Austrade estimates that agreements formed at last year's event in San Diego have already generated some $30 million worth of revenues. But what will all this be worth if Australia doesn't provide big enough incentives for the multinationals to invest in Australia leading them to take their money instead to Singapore, Japan or China?

"You have to ask yourself, where is the equivalent of the Lilly group in Australia," says Dr Tim Littlejohn, head of Sydney-based informatics groups BioLateral. "Why can't we attract at least one of the big pharmas or major IT groups to do something here? The benefits of doing so are absolutely enormous."

This, Littlejohn believes is the thing will make or break Australia is in its race to establish a leading position in biotech amongst its developing peers. Academic support and university development programs are very important, he says, but nevertheless subservient to the need for multinational money.

Yet despite what the critics would have you believe, Australia has managed to attract some interest from major multinationals albeit in very small measure compared with Singapore. Some examples include AstraZeneca (bioprospecting), Schering (neurodegenerative disorders), IBM (proteomics and bioinformatics), Monsanto (genetically modified cotton), GlaxoSmithKline (influenza vaccine) and Itochu (food technology).

"Comparing Singapore and Australia gives rise to a very complex level of competitive analysis," Littlejohn says. An important layer in the equation, he says, is the state rivalries seen to exist in Australia, whereas in Singapore the bulk of initiatives supporting biotech are represented by the one entity.

"Our federation of states and territories are set up in a particular way. We are by our very cultural identity very separated geographically," Littlejohn says. "So we have a situation whereby competition between eastern states especially is very high, and that's not necessarily a bad thing."

Emerging Growth Capital is a recently formed investment bank and securities trading house, which focuses almost exclusively on the biotech sector. According to director and co-founder Alison Coutts, Australia must overcome barriers of perception in order for the local sector to flourish. But, she says, with the stagnant state of world markets generally, it won't be easy.

State initiatives in the emerging hubs of Victoria and Queensland are positive but will ultimately suffer if the bar is not raised at the Federal level, she says. "[Prime Minister John] Howard and his advisers are just starting to wake up to what biotechnology is - they need to recognise new economic drivers."

According to Donald Home, chief executive of Agenix, there is a perception overseas that the Australian biotech sector is a little lost and in need of shepherding to really hone its natural resources and highly talented people to shrug off this current state of atrophy. "In Singapore, the more successful you are the more they will support you.

"Looking at [Singapore's] investment strategy, they are doing everything they can to encourage large profitable companies to set up research facilities - it's really driven towards commercialisation, not just research."

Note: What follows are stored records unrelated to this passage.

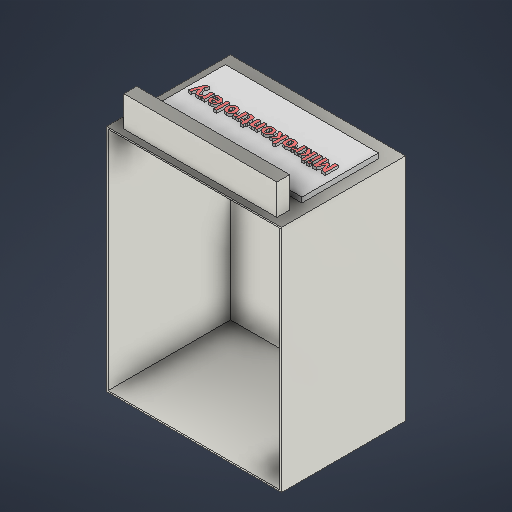
# Autodesk Inventor part: shelf
Saved by Autodesk Inventor 2027 (Build 310192060, 192F)
## iProperties
Created: 2026-06-08
Part Number: shelf
Material: Ogólny
Document SubType Name: Modeling
Designer: User
Density: 1 g/cm^3
Appearance: Domyślna
Author: User
Autodesk Inventor part; units mm, degrees
ref_plane "YZ Plane" through (0, 0, 0) normal (1, 0, 0) x (0, 1, 0)
ref_plane "XZ Plane" through (0, 0, 0) normal (0, 1, 0) x (-1, 0, 0)
ref_plane "XY Plane" through (0, 0, 0) normal (0, 0, 1) x (1, 0, 0)
sketch "Szkic1" plane through (0, 0, 0) normal (0, 1, 0) x (-1, 0, 0)
  line L0 (-34.3, -24.3) -> (34.3, -24.3)
  line L1 (34.3, -24.3) -> (34.3, 24.3)
  line L2 (34.3, 24.3) -> (-34.3, 24.3)
  line L3 (-34.3, 24.3) -> (-34.3, -24.3)
  line L4 (-34.3, -24.3) -> (34.3, 24.3) construction
  line L5 (34.3, -24.3) -> (-34.3, 24.3) construction
  point P0 (0, 0)
  dimension "d0" = 68.6
  dimension "d1" = 48.6
  constraints: 12 end point, 2 midpoint, 2 parallel, 1 horizontal, 1 perpendicular
  measures "d0" distance of L2.end L1.end
  measures "d1" distance of L1.end L0.end
extrude "Wyciągnięcie proste1" add sketch "Szkic1" along normal blind 90
shell "Skorupa1" thickness 0.6 removed faces 1 at (-11.4333, 30, 24.3)
sketch "Szkic2" plane through (0, 90, 0) normal (0, 1, 0) x (1, 0, 0)
  line L0 (-34.3, -24.3) -> (34.3, -24.3) projected
  line L1 (0, -24.3) -> (0, -19.3)
  line L2 (30, -21.8) -> (-30, -21.8)
  line L3 (-30, -21.8) -> (-30, -16.8)
  line L4 (-30, -16.8) -> (30, -16.8)
  line L5 (30, -16.8) -> (30, -21.8)
  line L6 (30, -21.8) -> (-30, -16.8) construction
  line L7 (-30, -21.8) -> (30, -16.8) construction
  point P0 (0, 0)
  dimension "d5" = 5
  dimension "d6" = 60
  dimension "d7" = 5
  constraints: 14 end point, 3 midpoint, 2 parallel, 1 horizontal, 1 perpendicular, 1 vertical
  measures "d5" distance of L1.start L1.end
  measures "d6" distance of L2.start L2.end
  measures "d7" distance of L2.end L3.end
extrude "Wyciągnięcie proste2" add sketch "Szkic2" along normal blind 12
sketch "Szkic3" plane through (0, 90, 0) normal (0, 1, 0) x (1, 0, 0)
  line L0 (0, 0) -> (0, 3)
  line L1 (30, 18) -> (-30, 18)
  line L2 (-30, 18) -> (-30, -12)
  line L3 (-30, -12) -> (30, -12)
  line L4 (30, -12) -> (30, 18)
  line L5 (30, 18) -> (-30, -12) construction
  line L6 (-30, 18) -> (30, -12) construction
  dimension "d10" = 3
  dimension "d11" = 60
  dimension "d12" = 30
  constraints: 14 end point, 2 midpoint, 2 parallel, 1 horizontal, 1 perpendicular, 1 vertical
  measures "d10" distance of L0.start L0.end
  measures "d11" distance of L3.end L2.end
  measures "d12" distance of L2.end L1.end
extrude "Wyciągnięcie proste3" add sketch "Szkic3" along normal blind 2
sketch "Szkic4" plane through (0, 92, 0) normal (0, 1, 0) x (1, 0, 0)
  line L0 (30, -12) -> (-30, -12) construction
  line L1 (-30, -12) -> (-30, 18) construction
  line L2 (-30, 18) -> (30, 18) construction
  line L3 (30, 18) -> (30, -12) construction
  line L4 (-30, -12) -> (30, -12) projected
  line L5 (-30, 18) -> (-30, -12) projected
  line L6 (30, -12) -> (-30, -12)
  line L7 (-30, -12) -> (-30, 18)
  line L8 (-30, 18) -> (30, 18)
  line L9 (30, 18) -> (30, -12)
  line L10 (22.1617, 4.9226) -> (23.4096, 4.9226)
  line L11 (23.4096, 4.9226) -> (23.4096, 1.6082)
  line L12 (23.4096, 1.6082) -> (24.3173, 3.7476)
  line L13 (24.3173, 3.7476) -> (25.1763, 3.7476)
  line L14 (25.1763, 3.7476) -> (26.0839, 1.6082)
  line L15 (26.0839, 1.6082) -> (26.0839, 4.9226)
  line L16 (26.0839, 4.9226) -> (27.267, 4.9226)
  line L17 (27.267, 4.9226) -> (27.267, -0.0774)
  line L18 (27.267, -0.0774) -> (25.8205, -0.0774)
  line L19 (25.8205, -0.0774) -> (24.7103, 2.3902)
  line L20 (24.7103, 2.3902) -> (23.6082, -0.0774)
  line L21 (23.6082, -0.0774) -> (22.1617, -0.0774)
  line L22 (22.1617, -0.0774) -> (22.1617, 4.9226)
  line L23 (20.0182, 4.9226) -> (21.1933, 4.9226)
  line L24 (21.1933, 4.9226) -> (21.1933, 1.1503)
  line L25 (21.1933, 1.1503) -> (20.0182, 1.1503)
  line L26 (20.0182, 1.1503) -> (20.0182, 4.9226)
  line L27 (19.9818, 0.6114) -> (21.2257, 0.6114)
  line L28 (21.2257, 0.6114) -> (21.2257, -0.3043)
  line L29 (21.2257, -0.3043) -> (19.9818, -0.3043)
  line L30 (19.9818, -0.3043) -> (19.9818, 0.6114)
  line L31 (15.3424, 4.9226) -> (16.7403, 4.9226)
  line L32 (16.7403, 4.9226) -> (17.7613, 3.2857)
  line L33 (17.7613, 3.2857) -> (17.9437, 3.5288)
  line L34 (17.9437, 3.5288) -> (17.9437, 4.9226)
  line L35 (17.9437, 4.9226) -> (19.1187, 4.9226)
  line L36 (19.1187, 4.9226) -> (19.1187, -0.3002)
  line L37 (19.1187, -0.3002) -> (17.9437, -0.3002)
  line L38 (17.9437, -0.3002) -> (17.9437, 2.6252)
  line L39 (17.9437, 2.6252) -> (16.8294, 1.1503)
  line L40 (16.8294, 1.1503) -> (15.4396, 1.1503)
  line L41 (15.4396, 1.1503) -> (16.7605, 2.7751)
  line L42 (16.7605, 2.7751) -> (15.3424, 4.9226)
  line L43 (12.4412, 2.2646) -> (12.5385, 2.2646)
  spline S0 degree 2 poles (12.5385, 2.2646) (12.6074, 2.2403) (12.8626, 2.216) (13.0166, 2.216) knots 0 0 0 1 2 2 2
  spline S1 degree 2 poles (13.0166, 2.216) (13.1989, 2.216) (13.6082, 2.3254) (13.7986, 2.3983) knots 0 0 0 1 2 2 2
  line L44 (13.7986, 2.3983) -> (13.7986, 4.9226)
  line L45 (13.7986, 4.9226) -> (14.9737, 4.9226)
  line L46 (14.9737, 4.9226) -> (14.9737, 1.1503)
  line L47 (14.9737, 1.1503) -> (13.7986, 1.1503)
  line L48 (13.7986, 1.1503) -> (13.7986, 1.6933)
  spline S2 degree 2 poles (13.7986, 1.6933) (13.7176, 1.6203) (13.434, 1.3934) (13.3165, 1.3246) knots 0 0 0 1 2 2 2
  spline S3 degree 2 poles (13.3165, 1.3246) (13.1868, 1.2476) (12.8464, 1.1382) (12.6965, 1.1382) knots 0 0 0 1 2 2 2
  spline S4 degree 2 poles (12.6965, 1.1382) (12.6398, 1.1382) (12.498, 1.1463) (12.4412, 1.1503) knots 0 0 0 1 2 2 2
  line L49 (12.4412, 1.1503) -> (12.4412, 2.2646)
  spline S5 degree 2 poles (8.3732, 3.0385) (8.3732, 3.9704) (9.3902, 5.0401) (10.3181, 5.0401) knots 0 0 0 1 2 2 2
  spline S6 degree 2 poles (10.3181, 5.0401) (11.2419, 5.0401) (12.267, 3.9704) (12.267, 3.0385) knots 0 0 0 1 2 2 2
  spline S7 degree 2 poles (12.267, 3.0385) (12.267, 2.0985) (11.2419, 1.0328) (10.3181, 1.0328) knots 0 0 0 1 2 2 2
  spline S8 degree 2 poles (10.3181, 1.0328) (9.3942, 1.0328) (8.3732, 2.1025) (8.3732, 3.0385) knots 0 0 0 1 2 2 2
  spline S9 degree 2 poles (9.5766, 3.0466) (9.5766, 2.7103) (9.686, 2.2605) (9.7832, 2.1268) knots 0 0 0 1 2 2 2
  spline S10 degree 2 poles (9.7832, 2.1268) (9.8886, 1.985) (10.1519, 1.8756) (10.3181, 1.8756) knots 0 0 0 1 2 2 2
  spline S11 degree 2 poles (10.3181, 1.8756) (10.4801, 1.8756) (10.7354, 1.9729) (10.8408, 2.1106) knots 0 0 0 1 2 2 2
  spline S12 degree 2 poles (10.8408, 2.1106) (10.9421, 2.2403) (11.0636, 2.6981) (11.0636, 3.0466) knots 0 0 0 1 2 2 2
  spline S13 degree 2 poles (11.0636, 3.0466) (11.0636, 3.391) (10.9502, 3.8165) (10.857, 3.9461) knots 0 0 0 1 2 2 2
  spline S14 degree 2 poles (10.857, 3.9461) (10.7638, 4.0758) (10.4801, 4.1973) (10.31, 4.1973) knots 0 0 0 1 2 2 2
  spline S15 degree 2 poles (10.31, 4.1973) (10.1682, 4.1973) (9.8764, 4.0758) (9.7873, 3.9542) knots 0 0 0 1 2 2 2
  spline S16 degree 2 poles (9.7873, 3.9542) (9.686, 3.8124) (9.5766, 3.4032) (9.5766, 3.0466) knots 0 0 0 1 2 2 2
  line L50 (3.9729, 4.9226) -> (5.3707, 4.9226)
  line L51 (5.3707, 4.9226) -> (6.3918, 3.2857)
  line L52 (6.3918, 3.2857) -> (6.5741, 3.5288)
  line L53 (6.5741, 3.5288) -> (6.5741, 4.9226)
  line L54 (6.5741, 4.9226) -> (7.7492, 4.9226)
  line L55 (7.7492, 4.9226) -> (7.7492, -0.3002)
  line L56 (7.7492, -0.3002) -> (6.5741, -0.3002)
  line L57 (6.5741, -0.3002) -> (6.5741, 2.6252)
  line L58 (6.5741, 2.6252) -> (5.4599, 1.1503)
  line L59 (5.4599, 1.1503) -> (4.0701, 1.1503)
  line L60 (4.0701, 1.1503) -> (5.391, 2.7751)
  line L61 (5.391, 2.7751) -> (3.9729, 4.9226)
  spline S17 degree 2 poles (-0.0142, 3.0385) (-0.0142, 3.9704) (1.0028, 5.0401) (1.9307, 5.0401) knots 0 0 0 1 2 2 2
  spline S18 degree 2 poles (1.9307, 5.0401) (2.8545, 5.0401) (3.8797, 3.9704) (3.8797, 3.0385) knots 0 0 0 1 2 2 2
  spline S19 degree 2 poles (3.8797, 3.0385) (3.8797, 2.0985) (2.8545, 1.0328) (1.9307, 1.0328) knots 0 0 0 1 2 2 2
  spline S20 degree 2 poles (1.9307, 1.0328) (1.0069, 1.0328) (-0.0142, 2.1025) (-0.0142, 3.0385) knots 0 0 0 1 2 2 2
  spline S21 degree 2 poles (1.1892, 3.0466) (1.1892, 2.7103) (1.2986, 2.2605) (1.3959, 2.1268) knots 0 0 0 1 2 2 2
  spline S22 degree 2 poles (1.3959, 2.1268) (1.5012, 1.985) (1.7646, 1.8756) (1.9307, 1.8756) knots 0 0 0 1 2 2 2
  spline S23 degree 2 poles (1.9307, 1.8756) (2.0928, 1.8756) (2.3481, 1.9729) (2.4534, 2.1106) knots 0 0 0 1 2 2 2
  spline S24 degree 2 poles (2.4534, 2.1106) (2.5547, 2.2403) (2.6763, 2.6981) (2.6763, 3.0466) knots 0 0 0 1 2 2 2
  spline S25 degree 2 poles (2.6763, 3.0466) (2.6763, 3.391) (2.5628, 3.8165) (2.4696, 3.9461) knots 0 0 0 1 2 2 2
  spline S26 degree 2 poles (2.4696, 3.9461) (2.3764, 4.0758) (2.0928, 4.1973) (1.9226, 4.1973) knots 0 0 0 1 2 2 2
  spline S27 degree 2 poles (1.9226, 4.1973) (1.7808, 4.1973) (1.4891, 4.0758) (1.3999, 3.9542) knots 0 0 0 1 2 2 2
  spline S28 degree 2 poles (1.3999, 3.9542) (1.2986, 3.8124) (1.1892, 3.4032) (1.1892, 3.0466) knots 0 0 0 1 2 2 2
  line L62 (-4.1673, 4.9226) -> (-2.9842, 4.9226)
  line L63 (-2.9842, 4.9226) -> (-2.9842, 3.0547)
  spline S29 degree 2 poles (-2.9842, 3.0547) (-2.9842, 2.8237) (-2.9477, 2.3699) (-2.8991, 2.2646) knots 0 0 0 1 2 2 2
  spline S30 degree 2 poles (-2.8991, 2.2646) (-2.8383, 2.1349) (-2.6114, 2.0255) (-2.4169, 2.0255) knots 0 0 0 1 2 2 2
  spline S31 degree 2 poles (-2.4169, 2.0255) (-2.2751, 2.0255) (-1.9793, 2.1349) (-1.8132, 2.2524) knots 0 0 0 1 2 2 2
  line L64 (-1.8132, 2.2524) -> (-1.8132, 4.9226)
  line L65 (-1.8132, 4.9226) -> (-0.6382, 4.9226)
  line L66 (-0.6382, 4.9226) -> (-0.6382, 1.1503)
  line L67 (-0.6382, 1.1503) -> (-1.8132, 1.1503)
  line L68 (-1.8132, 1.1503) -> (-1.8132, 1.5677)
  spline S32 degree 2 poles (-1.8132, 1.5677) (-2.1009, 1.3246) (-2.6479, 1.049) (-2.9801, 1.049) knots 0 0 0 1 2 2 2
  spline S33 degree 2 poles (-2.9801, 1.049) (-3.5555, 1.049) (-4.1673, 1.7784) (-4.1673, 2.4672) knots 0 0 0 1 2 2 2
  line L69 (-4.1673, 2.4672) -> (-4.1673, 4.9226)
  spline S34 degree 2 poles (-6.481, 4.9955) (-5.7638, 4.9955) (-5.1074, 4.404) (-5.1074, 3.7314) knots 0 0 0 1 2 2 2
  line L70 (-5.1074, 3.7314) -> (-5.1074, 1.9688)
  line L71 (-5.1074, 1.9688) -> (-4.6576, 1.9688)
  line L72 (-4.6576, 1.9688) -> (-4.6576, 1.1503)
  line L73 (-4.6576, 1.1503) -> (-5.1074, 1.1503)
  line L74 (-5.1074, 1.1503) -> (-5.1074, 0.0725)
  line L75 (-5.1074, 0.0725) -> (-6.2824, 0.0725)
  line L76 (-6.2824, 0.0725) -> (-6.2824, 1.1503)
  line L77 (-6.2824, 1.1503) -> (-7.4169, 1.1503)
  line L78 (-7.4169, 1.1503) -> (-7.4169, 1.9688)
  line L79 (-7.4169, 1.9688) -> (-6.2824, 1.9688)
  line L80 (-6.2824, 1.9688) -> (-6.2824, 3.31)
  spline S35 degree 2 poles (-6.2824, 3.31) (-6.2824, 3.5085) (-6.2905, 3.8043) (-6.3391, 3.9218) knots 0 0 0 1 2 2 2
  spline S36 degree 2 poles (-6.3391, 3.9218) (-6.3878, 4.0393) (-6.6268, 4.1771) (-6.8537, 4.1771) knots 0 0 0 1 2 2 2
  spline S37 degree 2 poles (-6.8537, 4.1771) (-6.951, 4.1771) (-7.2549, 4.096) (-7.3156, 4.0636) knots 0 0 0 1 2 2 2
  line L81 (-7.3156, 4.0636) -> (-7.4169, 4.0636)
  line L82 (-7.4169, 4.0636) -> (-7.4169, 4.8902)
  spline S38 degree 2 poles (-7.4169, 4.8902) (-7.2265, 4.9388) (-6.797, 4.9955) (-6.481, 4.9955) knots 0 0 0 1 2 2 2
  line L83 (-10.4275, 2.2646) -> (-10.3302, 2.2646)
  spline S39 degree 2 poles (-10.3302, 2.2646) (-10.2613, 2.2403) (-10.0061, 2.216) (-9.8521, 2.216) knots 0 0 0 1 2 2 2
  spline S40 degree 2 poles (-9.8521, 2.216) (-9.6698, 2.216) (-9.2605, 2.3254) (-9.0701, 2.3983) knots 0 0 0 1 2 2 2
  line L84 (-9.0701, 2.3983) -> (-9.0701, 4.9226)
  line L85 (-9.0701, 4.9226) -> (-7.8951, 4.9226)
  line L86 (-7.8951, 4.9226) -> (-7.8951, 1.1503)
  line L87 (-7.8951, 1.1503) -> (-9.0701, 1.1503)
  line L88 (-9.0701, 1.1503) -> (-9.0701, 1.6933)
  spline S41 degree 2 poles (-9.0701, 1.6933) (-9.1511, 1.6203) (-9.4348, 1.3934) (-9.5523, 1.3246) knots 0 0 0 1 2 2 2
  spline S42 degree 2 poles (-9.5523, 1.3246) (-9.6819, 1.2476) (-10.0223, 1.1382) (-10.1722, 1.1382) knots 0 0 0 1 2 2 2
  spline S43 degree 2 poles (-10.1722, 1.1382) (-10.2289, 1.1382) (-10.3707, 1.1463) (-10.4275, 1.1503) knots 0 0 0 1 2 2 2
  line L89 (-10.4275, 1.1503) -> (-10.4275, 2.2646)
  spline S44 degree 2 poles (-14.4955, 3.0385) (-14.4955, 3.9704) (-13.4785, 5.0401) (-12.5506, 5.0401) knots 0 0 0 1 2 2 2
  spline S45 degree 2 poles (-12.5506, 5.0401) (-11.6268, 5.0401) (-10.6017, 3.9704) (-10.6017, 3.0385) knots 0 0 0 1 2 2 2
  spline S46 degree 2 poles (-10.6017, 3.0385) (-10.6017, 2.0985) (-11.6268, 1.0328) (-12.5506, 1.0328) knots 0 0 0 1 2 2 2
  spline S47 degree 2 poles (-12.5506, 1.0328) (-13.4745, 1.0328) (-14.4955, 2.1025) (-14.4955, 3.0385) knots 0 0 0 1 2 2 2
  spline S48 degree 2 poles (-13.2921, 3.0466) (-13.2921, 2.7103) (-13.1827, 2.2605) (-13.0855, 2.1268) knots 0 0 0 1 2 2 2
  spline S49 degree 2 poles (-13.0855, 2.1268) (-12.9801, 1.985) (-12.7168, 1.8756) (-12.5506, 1.8756) knots 0 0 0 1 2 2 2
  spline S50 degree 2 poles (-12.5506, 1.8756) (-12.3886, 1.8756) (-12.1333, 1.9729) (-12.028, 2.1106) knots 0 0 0 1 2 2 2
  spline S51 degree 2 poles (-12.028, 2.1106) (-11.9267, 2.2403) (-11.8051, 2.6981) (-11.8051, 3.0466) knots 0 0 0 1 2 2 2
  spline S52 degree 2 poles (-11.8051, 3.0466) (-11.8051, 3.391) (-11.9186, 3.8165) (-12.0118, 3.9461) knots 0 0 0 1 2 2 2
  spline S53 degree 2 poles (-12.0118, 3.9461) (-12.1049, 4.0758) (-12.3886, 4.1973) (-12.5588, 4.1973) knots 0 0 0 1 2 2 2
  spline S54 degree 2 poles (-12.5588, 4.1973) (-12.7006, 4.1973) (-12.9923, 4.0758) (-13.0814, 3.9542) knots 0 0 0 1 2 2 2
  spline S55 degree 2 poles (-13.0814, 3.9542) (-13.1827, 3.8124) (-13.2921, 3.4032) (-13.2921, 3.0466) knots 0 0 0 1 2 2 2
  line L90 (-16.2946, 4.9226) -> (-15.1195, 4.9226)
  line L91 (-15.1195, 4.9226) -> (-15.1195, -0.3002)
  line L92 (-15.1195, -0.3002) -> (-16.2946, -0.3002)
  line L93 (-16.2946, -0.3002) -> (-16.2946, 4.9226)
  spline S56 degree 2 poles (-19.1268, 5.0239) (-18.0571, 5.0239) (-16.9186, 4.0028) (-16.9186, 3.0588) knots 0 0 0 1 2 2 2
  spline S57 degree 2 poles (-16.9186, 3.0588) (-16.9186, 2.1349) (-17.9801, 1.0328) (-18.9364, 1.0328) knots 0 0 0 1 2 2 2
  spline S58 degree 2 poles (-18.9364, 1.0328) (-19.7994, 1.0328) (-20.6746, 1.9688) (-20.6746, 2.8359) knots 0 0 0 1 2 2 2
  line L94 (-20.6746, 2.8359) -> (-20.6746, 3.2613)
  line L95 (-20.6746, 3.2613) -> (-18.0936, 3.2613)
  spline S59 degree 2 poles (-18.0936, 3.2613) (-18.1098, 3.5247) (-18.3002, 3.8732) (-18.4542, 3.9785) knots 0 0 0 1 2 2 2
  spline S60 degree 2 poles (-18.4542, 3.9785) (-18.6041, 4.0839) (-19.0093, 4.173) (-19.2484, 4.173) knots 0 0 0 1 2 2 2
  spline S61 degree 2 poles (-19.2484, 4.173) (-19.451, 4.173) (-19.8481, 4.0839) (-20.0142, 4.0069) knots 0 0 0 1 2 2 2
  spline S62 degree 2 poles (-20.0142, 4.0069) (-20.16, 3.9461) (-20.4032, 3.7962) (-20.4801, 3.7395) knots 0 0 0 1 2 2 2
  line L96 (-20.4801, 3.7395) -> (-20.6058, 3.7395)
  line L97 (-20.6058, 3.7395) -> (-20.6058, 4.7119)
  spline S63 degree 2 poles (-20.6058, 4.7119) (-20.4599, 4.7686) (-20.2249, 4.8659) (-20.0142, 4.9145) knots 0 0 0 1 2 2 2
  spline S64 degree 2 poles (-20.0142, 4.9145) (-19.8237, 4.9672) (-19.4186, 5.0239) (-19.1268, 5.0239) knots 0 0 0 1 2 2 2
  spline S65 degree 2 poles (-19.5158, 2.5523) (-19.5077, 2.1795) (-19.1795, 1.7865) (-18.8432, 1.7865) knots 0 0 0 1 2 2 2
  spline S66 degree 2 poles (-18.8432, 1.7865) (-18.4988, 1.7865) (-18.1098, 2.1998) (-18.0895, 2.5523) knots 0 0 0 1 2 2 2
  line L98 (-18.0895, 2.5523) -> (-19.5158, 2.5523)
  line L99 (-23.8108, 2.2646) -> (-23.7135, 2.2646)
  spline S67 degree 2 poles (-23.7135, 2.2646) (-23.6447, 2.2403) (-23.3894, 2.216) (-23.2354, 2.216) knots 0 0 0 1 2 2 2
  spline S68 degree 2 poles (-23.2354, 2.216) (-23.0531, 2.216) (-22.6438, 2.3254) (-22.4534, 2.3983) knots 0 0 0 1 2 2 2
  line L100 (-22.4534, 2.3983) -> (-22.4534, 4.9226)
  line L101 (-22.4534, 4.9226) -> (-21.2784, 4.9226)
  line L102 (-21.2784, 4.9226) -> (-21.2784, 1.1503)
  line L103 (-21.2784, 1.1503) -> (-22.4534, 1.1503)
  line L104 (-22.4534, 1.1503) -> (-22.4534, 1.6933)
  spline S69 degree 2 poles (-22.4534, 1.6933) (-22.5344, 1.6203) (-22.8181, 1.3934) (-22.9356, 1.3246) knots 0 0 0 1 2 2 2
  spline S70 degree 2 poles (-22.9356, 1.3246) (-23.0652, 1.2476) (-23.4056, 1.1382) (-23.5555, 1.1382) knots 0 0 0 1 2 2 2
  spline S71 degree 2 poles (-23.5555, 1.1382) (-23.6122, 1.1382) (-23.7541, 1.1463) (-23.8108, 1.1503) knots 0 0 0 1 2 2 2
  line L105 (-23.8108, 1.1503) -> (-23.8108, 2.2646)
  line L106 (-27.7776, 1.1503) -> (-25.8772, 6.3043)
  line L107 (-25.8772, 6.3043) -> (-24.613, 6.3043)
  line L108 (-24.613, 6.3043) -> (-25.1844, 4.8294)
  line L109 (-25.1844, 4.8294) -> (-23.8027, 1.1503)
  line L110 (-23.8027, 1.1503) -> (-25.0344, 1.1503)
  line L111 (-25.0344, 1.1503) -> (-25.8286, 3.5166)
  line L112 (-25.8286, 3.5166) -> (-26.5701, 1.1503)
  line L113 (-26.5701, 1.1503) -> (-27.7776, 1.1503)
  point P0 (0, 0)
  dimension "d0" = 68.6
  dimension "d1" = 48.6
  constraints: 8 end point, 2 coincident, 2 parallel, 1 horizontal, 1 perpendicular, 2 other
extrude "Wyciągnięcie proste4" add sketch "Szkic4" along normal blind 1 contours L10 L11 L12 L13 L14 L15 L16 L17 L18 L19 L20 L21 L22 | L23 L24 L25 L26 | L27 L28 L29 L30 | L31 L32 L33 L34 L35 L36 L37 L38 L39 L40 L41 L42 | L43 S0 S1 L44 L45 L46 L47 L48 S2 S3 S4 L49 | S5 S6 S7 S8 | L50 L51 L52 L53 L54 L55 L56 L57 L58 L59 L60 L61 | S17 S18 S19 S20 | L62 L63 S29 S30 S31 L64 L65 L66 L67 L68 S32 S33 L69 | S34 L70 L71 L72 L73 L74 L75 L76 L77 L78 L79 L80 S35 S36 S37 L81 L82 S38 | L83 S39 S40 L84 L85 L86 L87 L88 S41 S42 S43 L89 | S44 S45 S46 S47 | L90 L91 L92 L93 | S56 S57 S58 L94 L95 S59 S60 S61 S62 L96 L97 S63 S64 | L99 S67 S68 L100 L101 L102 L103 L104 S69 S70 S71 L109 L105 | L109 S71 L105 | L105 L110 L111 L112 L113 L106 L107 L108 L109

Agenix has a 28 per cent stake in Singaporean start-up Phytoprotein Biotech that is currently engaged in the research of transgenic plant cells and hopes to soon commercialise its intellectual property with the support of one of several government funding programs in Singapore.

In Home's view, while Australia has all the right ingredients, talent and general sense of community to create a successful biotech industry, no amount of back-scratching and luck will long compensate for the sheer determination of the Island State to lure the necessary talent and large-scale capital biotech needs. "You take a company like Phyto and you'd probably have to say it has a better chance of survival in Singapore," he says.